─── Data provided

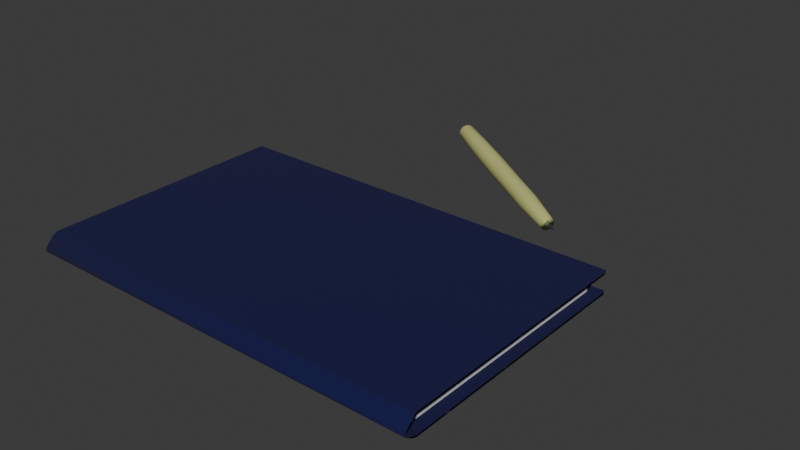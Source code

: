 # Source: Diary.blend  (saved by Blender 4.5.90; exported with 4.5.12 LTS)
import bpy
from mathutils import Matrix  # noqa: F401  (used for matrix-valued properties, if any)

bpy.ops.wm.read_factory_settings(use_empty=True)
scene = bpy.context.scene
scene.name = 'Scene'

# ---- collections
col_collection = bpy.data.collections.new('Collection'); scene.collection.children.link(col_collection)

# ---- materials (node trees are filled in below, after node groups)
mat_paper = bpy.data.materials.new('Paper')
mat_blue = bpy.data.materials.new('Blue')
mat_pen = bpy.data.materials.new('Pen')
mat_metal = bpy.data.materials.new('Metal')

# ---- material node trees
mat_paper.use_nodes = True; mat_paper.node_tree.nodes.clear()
_N = mat_paper.node_tree.nodes; _L = mat_paper.node_tree.links
n0 = _N.new('ShaderNodeBsdfPrincipled'); n0.name = '原理化 BSDF'; n0.location = (-200, 100)
n1 = _N.new('ShaderNodeOutputMaterial'); n1.name = '材质输出'; n1.location = (200, 100)
_L.new(n0.outputs[0], n1.inputs[0])
n1.is_active_output = True
mat_blue.use_nodes = True; mat_blue.node_tree.nodes.clear()
_N = mat_blue.node_tree.nodes; _L = mat_blue.node_tree.links
n0 = _N.new('ShaderNodeBsdfPrincipled'); n0.name = '原理化 BSDF'; n0.location = (-200, 100)
n0.inputs[0].default_value = (0.001215, 0.002337, 0.05744, 1.0)
n0.inputs[2].default_value = 1.0
n1 = _N.new('ShaderNodeOutputMaterial'); n1.name = '材质输出'; n1.location = (200, 100)
_L.new(n0.outputs[0], n1.inputs[0])
n1.is_active_output = True
mat_pen.use_nodes = True; mat_pen.node_tree.nodes.clear()
_N = mat_pen.node_tree.nodes; _L = mat_pen.node_tree.links
n0 = _N.new('ShaderNodeBsdfPrincipled'); n0.name = '原理化 BSDF'; n0.location = (-200, 100)
n0.inputs[0].default_value = (0.6931, 0.7002, 0.2575, 1.0)
n0.inputs[1].default_value = 0.1032
n0.inputs[2].default_value = 0.2857
n1 = _N.new('ShaderNodeOutputMaterial'); n1.name = '材质输出'; n1.location = (200, 100)
_L.new(n0.outputs[0], n1.inputs[0])
n1.is_active_output = True
mat_metal.use_nodes = True; mat_metal.node_tree.nodes.clear()
_N = mat_metal.node_tree.nodes; _L = mat_metal.node_tree.links
n0 = _N.new('ShaderNodeBsdfPrincipled'); n0.name = '原理化 BSDF'; n0.location = (-200, 100)
n0.inputs[0].default_value = (0.3491, 0.4659, 0.5374, 1.0)
n0.inputs[1].default_value = 1.0
n0.inputs[2].default_value = 0.3095
n1 = _N.new('ShaderNodeOutputMaterial'); n1.name = '材质输出'; n1.location = (200, 100)
_L.new(n0.outputs[0], n1.inputs[0])
n1.is_active_output = True

# ---- world
world_world = bpy.data.worlds.new('World'); scene.world = world_world
world_world.use_nodes = True; world_world.node_tree.nodes.clear()
_N = world_world.node_tree.nodes; _L = world_world.node_tree.links
n0 = _N.new('ShaderNodeOutputWorld'); n0.name = 'World Output'; n0.location = (200, 100)
n1 = _N.new('ShaderNodeBackground'); n1.name = 'Background'; n1.location = (-200, 100)
n1.inputs[0].default_value = (0.05088, 0.05088, 0.05088, 1.0)
_L.new(n1.outputs[0], n0.inputs[0])
n0.is_active_output = True
world_world.color = (0.05088, 0.05088, 0.05088)
world_world.sun_shadow_jitter_overblur = 0.0

# ---- meshes
me_x = bpy.data.meshes.new('立方体')
me_x.from_pydata([(-0.5, -0.5, 0.0), (-0.5, -0.5, 1.0), (-0.5, 0.5, 0.0), (-0.5, 0.5, 1.0), (0.5, -0.5, 0.0), (0.5, -0.5, 1.0), (0.5, 0.5, 0.0), (0.5, 0.5, 1.0), (-0.525, -0.5942, 0.2795), (-0.525, -0.6114, 0.2795), (-0.525, -0.5942, 0.4045), (-0.525, -0.6114, 0.4045), (0.525, -0.5942, 0.2795), (0.525, -0.6114, 0.2795), (0.525, -0.5942, 0.4045), (0.525, -0.6114, 0.4045), (-0.525, -0.55, -0.283), (-0.525, -0.55, -0.03295), (-0.525, 0.55, -0.283), (-0.525, 0.55, -0.03295), (0.525, -0.55, -0.283), (0.525, -0.55, -0.03295), (0.525, 0.55, -0.283), (0.525, 0.55, -0.03295), (-0.525, -0.55, 0.967), (-0.525, -0.55, 1.217), (-0.525, 0.55, 0.967), (-0.525, 0.55, 1.217), (0.525, -0.55, 0.967), (0.525, -0.55, 1.217), (0.525, 0.55, 0.967), (0.525, 0.55, 1.217), (-0.525, -0.5478, 0.9301), (-0.525, -0.567, 0.717), (-0.525, -0.5856, 0.4934), (0.525, -0.5856, 0.4934), (0.525, -0.567, 0.717), (0.525, -0.5478, 0.9301), (0.525, -0.6049, 0.5615), (0.525, -0.5896, 0.8071), (0.525, -0.573, 1.049), (-0.525, -0.6049, 0.5615), (-0.525, -0.5896, 0.8071), (-0.525, -0.573, 1.049), (-0.525, -0.5705, -0.1708), (-0.525, -0.5875, -0.01105), (-0.525, -0.6036, 0.1521), (0.525, -0.6036, 0.1521), (0.525, -0.5875, -0.01105), (0.525, -0.5705, -0.1708), (0.525, -0.5866, 0.2474), (0.525, -0.5681, 0.1123), (0.525, -0.5492, -0.01602), (-0.525, -0.5866, 0.2474), (-0.525, -0.5681, 0.1123), (-0.525, -0.5492, -0.01602)], [], [(0, 1, 3, 2), (2, 3, 7, 6), (6, 7, 5, 4), (4, 5, 1, 0), (2, 6, 4, 0), (7, 3, 1, 5), (8, 9, 11, 10), (14, 15, 13, 12), (10, 14, 12, 8), (15, 11, 9, 13), (16, 17, 19, 18), (18, 19, 23, 22), (22, 23, 21, 20), (18, 22, 20, 16), (23, 19, 17, 21), (24, 25, 27, 26), (26, 27, 31, 30), (30, 31, 29, 28), (26, 30, 28, 24), (31, 27, 25, 29), (24, 28, 37, 32), (28, 29, 40, 37), (29, 25, 43, 40), (25, 24, 32, 43), (32, 37, 36, 33), (33, 36, 35, 34), (34, 35, 14, 10), (37, 40, 39, 36), (36, 39, 38, 35), (35, 38, 15, 14), (40, 43, 42, 39), (39, 42, 41, 38), (38, 41, 11, 15), (43, 32, 33, 42), (42, 33, 34, 41), (41, 34, 10, 11), (16, 20, 49, 44), (20, 21, 52, 49), (21, 17, 55, 52), (17, 16, 44, 55), (44, 49, 48, 45), (45, 48, 47, 46), (46, 47, 13, 9), (49, 52, 51, 48), (48, 51, 50, 47), (47, 50, 12, 13), (52, 55, 54, 51), (51, 54, 53, 50), (50, 53, 8, 12), (55, 44, 45, 54), (54, 45, 46, 53), (53, 46, 9, 8)])
me_x.polygons.foreach_set('use_smooth', [0, 0, 0, 0, 0, 0, 1, 1, 1, 1, 1, 1, 1, 1, 1, 1, 1, 1, 1, 1, 1, 1, 1, 1, 1, 1, 1, 1, 1, 1, 1, 1, 1, 1, 1, 1, 1, 1, 1, 1, 1, 1, 1, 1, 1, 1, 1, 1, 1, 1, 1, 1])
me_x.polygons.foreach_set('material_index', [0, 0, 0, 0, 0, 0, 1, 1, 1, 1, 1, 1, 1, 1, 1, 1, 1, 1, 1, 1, 1, 1, 1, 1, 1, 1, 1, 1, 1, 1, 1, 1, 1, 1, 1, 1, 1, 1, 1, 1, 1, 1, 1, 1, 1, 1, 1, 1, 1, 1, 1, 1])
_uv = me_x.uv_layers.new(name='UV贴图')
_uv.uv.foreach_set('vector', [0.375, 0.0, 0.625, 0.0, 0.625, 0.25, 0.375, 0.25, 0.375, 0.25, 0.625, 0.25, 0.625, 0.5, 0.375, 0.5, 0.375, 0.5, 0.625, 0.5, 0.625, 0.75, 0.375, 0.75, 0.375, 0.75, 0.625, 0.75, 0.625, 1.0, 0.375, 1.0, 0.125, 0.5, 0.375, 0.5, 0.375, 0.75, 0.125, 0.75, 0.625, 0.5, 0.875, 0.5, 0.875, 0.75, 0.625, 0.75, 0.375, 0.0, 0.625, 0.0, 0.625, 0.25, 0.375, 0.25, 0.375, 0.5, 0.625, 0.5, 0.625, 0.75, 0.375, 0.75, 0.125, 0.5, 0.375, 0.5, 0.375, 0.75, 0.125, 0.75, 0.625, 0.5, 0.875, 0.5, 0.875, 0.75, 0.625, 0.75, 0.375, 0.0, 0.625, 0.0, 0.625, 0.25, 0.375, 0.25, 0.375, 0.25, 0.625, 0.25, 0.625, 0.5, 0.375, 0.5, 0.375, 0.5, 0.625, 0.5, 0.625, 0.75, 0.375, 0.75, 0.125, 0.5, 0.375, 0.5, 0.375, 0.75, 0.125, 0.75, 0.625, 0.5, 0.875, 0.5, 0.875, 0.75, 0.625, 0.75, 0.375, 0.0, 0.625, 0.0, 0.625, 0.25, 0.375, 0.25, 0.375, 0.25, 0.625, 0.25, 0.625, 0.5, 0.375, 0.5, 0.375, 0.5, 0.625, 0.5, 0.625, 0.75, 0.375, 0.75, 0.125, 0.5, 0.375, 0.5, 0.375, 0.75, 0.125, 0.75, 0.625, 0.5, 0.875, 0.5, 0.875, 0.75, 0.625, 0.75, 0.125, 0.75, 0.375, 0.75, 0.375, 0.6875, 0.125, 0.6875, 0.375, 0.75, 0.625, 0.75, 0.625, 0.6875, 0.375, 0.6875, 0.625, 0.75, 0.875, 0.75, 0.875, 0.6875, 0.625, 0.6875, 0.625, 0.0, 0.375, 0.0, 0.375, 0.0625, 0.625, 0.0625, 0.125, 0.6875, 0.375, 0.6875, 0.375, 0.625, 0.125, 0.625, 0.125, 0.625, 0.375, 0.625, 0.375, 0.5625, 0.125, 0.5625, 0.125, 0.5625, 0.375, 0.5625, 0.375, 0.5, 0.125, 0.5, 0.375, 0.6875, 0.625, 0.6875, 0.625, 0.625, 0.375, 0.625, 0.375, 0.625, 0.625, 0.625, 0.625, 0.5625, 0.375, 0.5625, 0.375, 0.5625, 0.625, 0.5625, 0.625, 0.5, 0.375, 0.5, 0.625, 0.6875, 0.875, 0.6875, 0.875, 0.625, 0.625, 0.625, 0.625, 0.625, 0.875, 0.625, 0.875, 0.5625, 0.625, 0.5625, 0.625, 0.5625, 0.875, 0.5625, 0.875, 0.5, 0.625, 0.5, 0.625, 0.0625, 0.375, 0.0625, 0.375, 0.125, 0.625, 0.125, 0.625, 0.125, 0.375, 0.125, 0.375, 0.1875, 0.625, 0.1875, 0.625, 0.1875, 0.375, 0.1875, 0.375, 0.25, 0.625, 0.25, 0.125, 0.75, 0.375, 0.75, 0.4375, 0.75, 0.3125, 0.75, 0.375, 0.75, 0.625, 0.75, 0.5625, 0.75, 0.4375, 0.75, 0.625, 0.75, 0.875, 0.75, 0.6875, 0.75, 0.5625, 0.75, 0.625, 0.0, 0.375, 0.0, 0.4375, 0.0, 0.5625, 0.0, 0.3125, 0.75, 0.4375, 0.75, 0.5, 0.75, 0.5, 0.75, 0.5, 0.75, 0.5, 0.75, 0.5625, 0.75, 0.6875, 0.75, 0.6875, 0.75, 0.5625, 0.75, 0.625, 0.75, 0.875, 0.75, 0.4375, 0.75, 0.5625, 0.75, 0.5, 0.75, 0.5, 0.75, 0.5, 0.75, 0.5, 0.75, 0.4375, 0.75, 0.5625, 0.75, 0.5625, 0.75, 0.4375, 0.75, 0.375, 0.75, 0.625, 0.75, 0.5625, 0.75, 0.6875, 0.75, 0.5, 0.75, 0.5, 0.75, 0.5, 0.75, 0.5, 0.75, 0.3125, 0.75, 0.4375, 0.75, 0.4375, 0.75, 0.3125, 0.75, 0.125, 0.75, 0.375, 0.75, 0.5625, 0.0, 0.4375, 0.0, 0.5, 0.0, 0.5, 0.0, 0.5, 0.0, 0.5, 0.0, 0.5625, 0.0, 0.4375, 0.0, 0.4375, 0.0, 0.5625, 0.0, 0.625, 0.0, 0.375, 0.0])
me_x.materials.append(mat_paper)
me_x.materials.append(mat_blue)
me_x.update()
me_x_1 = bpy.data.meshes.new('柱体')
me_x_1.from_pydata([(-1.985e-09, 0.9, -1.0), (6.299e-09, 0.72, 1.0), (0.1756, 0.8827, -1.0), (0.1405, 0.7062, 1.0), (0.3444, 0.8315, -1.0), (0.2755, 0.6652, 1.0), (0.5, 0.7483, -1.0), (0.4, 0.5987, 1.0), (0.6364, 0.6364, -1.0), (0.5091, 0.5091, 1.0), (0.7483, 0.5, -1.0), (0.5987, 0.4, 1.0), (0.8315, 0.3444, -1.0), (0.6652, 0.2755, 1.0), (0.8827, 0.1756, -1.0), (0.7062, 0.1405, 1.0), (0.9, 5.722e-07, -1.0), (0.72, 1.602e-06, 1.0), (0.8827, -0.1756, -1.0), (0.7062, -0.1405, 1.0), (0.8315, -0.3444, -1.0), (0.6652, -0.2755, 1.0), (0.7483, -0.5, -1.0), (0.5987, -0.4, 1.0), (0.6364, -0.6364, -1.0), (0.5091, -0.5091, 1.0), (0.5, -0.7483, -1.0), (0.4, -0.5987, 1.0), (0.3444, -0.8315, -1.0), (0.2755, -0.6652, 1.0), (0.1756, -0.8827, -1.0), (0.1405, -0.7062, 1.0), (-1.985e-09, -0.9, -1.0), (6.299e-09, -0.72, 1.0), (-0.1756, -0.8827, -1.0), (-0.1405, -0.7062, 1.0), (-0.3444, -0.8315, -1.0), (-0.2755, -0.6652, 1.0), (-0.5, -0.7483, -1.0), (-0.4, -0.5987, 1.0), (-0.6364, -0.6364, -1.0), (-0.5091, -0.5091, 1.0), (-0.7483, -0.5, -1.0), (-0.5987, -0.4, 1.0), (-0.8315, -0.3444, -1.0), (-0.6652, -0.2755, 1.0), (-0.8827, -0.1756, -1.0), (-0.7062, -0.1405, 1.0), (-0.9, 5.722e-07, -1.0), (-0.72, 1.602e-06, 1.0), (-0.8827, 0.1756, -1.0), (-0.7062, 0.1405, 1.0), (-0.8315, 0.3444, -1.0), (-0.6652, 0.2755, 1.0), (-0.7483, 0.5, -1.0), (-0.5987, 0.4, 1.0), (-0.6364, 0.6364, -1.0), (-0.5091, 0.5091, 1.0), (-0.5, 0.7483, -1.0), (-0.4, 0.5987, 1.0), (-0.3444, 0.8315, -1.0), (-0.2755, 0.6652, 1.0), (-0.1756, 0.8827, -1.0), (-0.1405, 0.7062, 1.0), (0.0, 1.0, -0.6), (4.458e-10, 1.05, -0.2), (0.0, 1.0, 0.2), (0.0, 1.0, 0.6), (0.1951, 0.9808, 0.6), (0.1951, 0.9808, 0.2), (0.2048, 1.03, -0.2), (0.1951, 0.9808, -0.6), (0.3827, 0.9239, 0.6), (0.3827, 0.9239, 0.2), (0.4018, 0.9701, -0.2), (0.3827, 0.9239, -0.6), (0.5556, 0.8315, 0.6), (0.5556, 0.8315, 0.2), (0.5833, 0.873, -0.2), (0.5556, 0.8315, -0.6), (0.7071, 0.7071, 0.6), (0.7071, 0.7071, 0.2), (0.7425, 0.7425, -0.2), (0.7071, 0.7071, -0.6), (0.8315, 0.5556, 0.6), (0.8315, 0.5556, 0.2), (0.873, 0.5833, -0.2), (0.8315, 0.5556, -0.6), (0.9239, 0.3827, 0.6), (0.9239, 0.3827, 0.2), (0.9701, 0.4018, -0.2), (0.9239, 0.3827, -0.6), (0.9808, 0.1951, 0.6), (0.9808, 0.1951, 0.2), (1.03, 0.2048, -0.2), (0.9808, 0.1951, -0.6), (1.0, 0.0, 0.6), (1.0, 0.0, 0.2), (1.05, -2.861e-07, -0.2), (1.0, 0.0, -0.6), (0.9808, -0.1951, 0.6), (0.9808, -0.1951, 0.2), (1.03, -0.2048, -0.2), (0.9808, -0.1951, -0.6), (0.9239, -0.3827, 0.6), (0.9239, -0.3827, 0.2), (0.9701, -0.4018, -0.2), (0.9239, -0.3827, -0.6), (0.8315, -0.5556, 0.6), (0.8315, -0.5556, 0.2), (0.873, -0.5833, -0.2), (0.8315, -0.5556, -0.6), (0.7071, -0.7071, 0.6), (0.7071, -0.7071, 0.2), (0.7425, -0.7425, -0.2), (0.7071, -0.7071, -0.6), (0.5556, -0.8315, 0.6), (0.5556, -0.8315, 0.2), (0.5833, -0.873, -0.2), (0.5556, -0.8315, -0.6), (0.3827, -0.9239, 0.6), (0.3827, -0.9239, 0.2), (0.4018, -0.9701, -0.2), (0.3827, -0.9239, -0.6), (0.1951, -0.9808, 0.6), (0.1951, -0.9808, 0.2), (0.2048, -1.03, -0.2), (0.1951, -0.9808, -0.6), (0.0, -1.0, 0.6), (0.0, -1.0, 0.2), (4.458e-10, -1.05, -0.2), (0.0, -1.0, -0.6), (-0.1951, -0.9808, 0.6), (-0.1951, -0.9808, 0.2), (-0.2048, -1.03, -0.2), (-0.1951, -0.9808, -0.6), (-0.3827, -0.9239, 0.6), (-0.3827, -0.9239, 0.2), (-0.4018, -0.9701, -0.2), (-0.3827, -0.9239, -0.6), (-0.5556, -0.8315, 0.6), (-0.5556, -0.8315, 0.2), (-0.5833, -0.873, -0.2), (-0.5556, -0.8315, -0.6), (-0.7071, -0.7071, 0.6), (-0.7071, -0.7071, 0.2), (-0.7425, -0.7425, -0.2), (-0.7071, -0.7071, -0.6), (-0.8315, -0.5556, 0.6), (-0.8315, -0.5556, 0.2), (-0.873, -0.5833, -0.2), (-0.8315, -0.5556, -0.6), (-0.9239, -0.3827, 0.6), (-0.9239, -0.3827, 0.2), (-0.9701, -0.4018, -0.2), (-0.9239, -0.3827, -0.6), (-0.9808, -0.1951, 0.6), (-0.9808, -0.1951, 0.2), (-1.03, -0.2048, -0.2), (-0.9808, -0.1951, -0.6), (-1.0, 0.0, 0.6), (-1.0, 0.0, 0.2), (-1.05, -2.861e-07, -0.2), (-1.0, 0.0, -0.6), (-0.9808, 0.1951, 0.6), (-0.9808, 0.1951, 0.2), (-1.03, 0.2048, -0.2), (-0.9808, 0.1951, -0.6), (-0.9239, 0.3827, 0.6), (-0.9239, 0.3827, 0.2), (-0.9701, 0.4018, -0.2), (-0.9239, 0.3827, -0.6), (-0.8315, 0.5556, 0.6), (-0.8315, 0.5556, 0.2), (-0.873, 0.5833, -0.2), (-0.8315, 0.5556, -0.6), (-0.7071, 0.7071, 0.6), (-0.7071, 0.7071, 0.2), (-0.7425, 0.7425, -0.2), (-0.7071, 0.7071, -0.6), (-0.5556, 0.8315, 0.6), (-0.5556, 0.8315, 0.2), (-0.5833, 0.873, -0.2), (-0.5556, 0.8315, -0.6), (-0.3827, 0.9239, 0.6), (-0.3827, 0.9239, 0.2), (-0.4018, 0.9701, -0.2), (-0.3827, 0.9239, -0.6), (-0.1951, 0.9808, 0.6), (-0.1951, 0.9808, 0.2), (-0.2048, 1.03, -0.2), (-0.1951, 0.9808, -0.6), (-5.609e-07, 0.4366, 0.9969), (0.4, 0.03664, 0.9969), (-5.609e-07, -0.3634, 0.9969), (-0.4, 0.03664, 0.9969), (-5.609e-07, 0.03664, 1.142)], [], [(67, 1, 3, 68), (68, 3, 5, 72), (72, 5, 7, 76), (76, 7, 9, 80), (80, 9, 11, 84), (84, 11, 13, 88), (88, 13, 15, 92), (92, 15, 17, 96), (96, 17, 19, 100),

──────

Report the number of lines in the entries above that include the string "meshes". Give nothing but the number.

3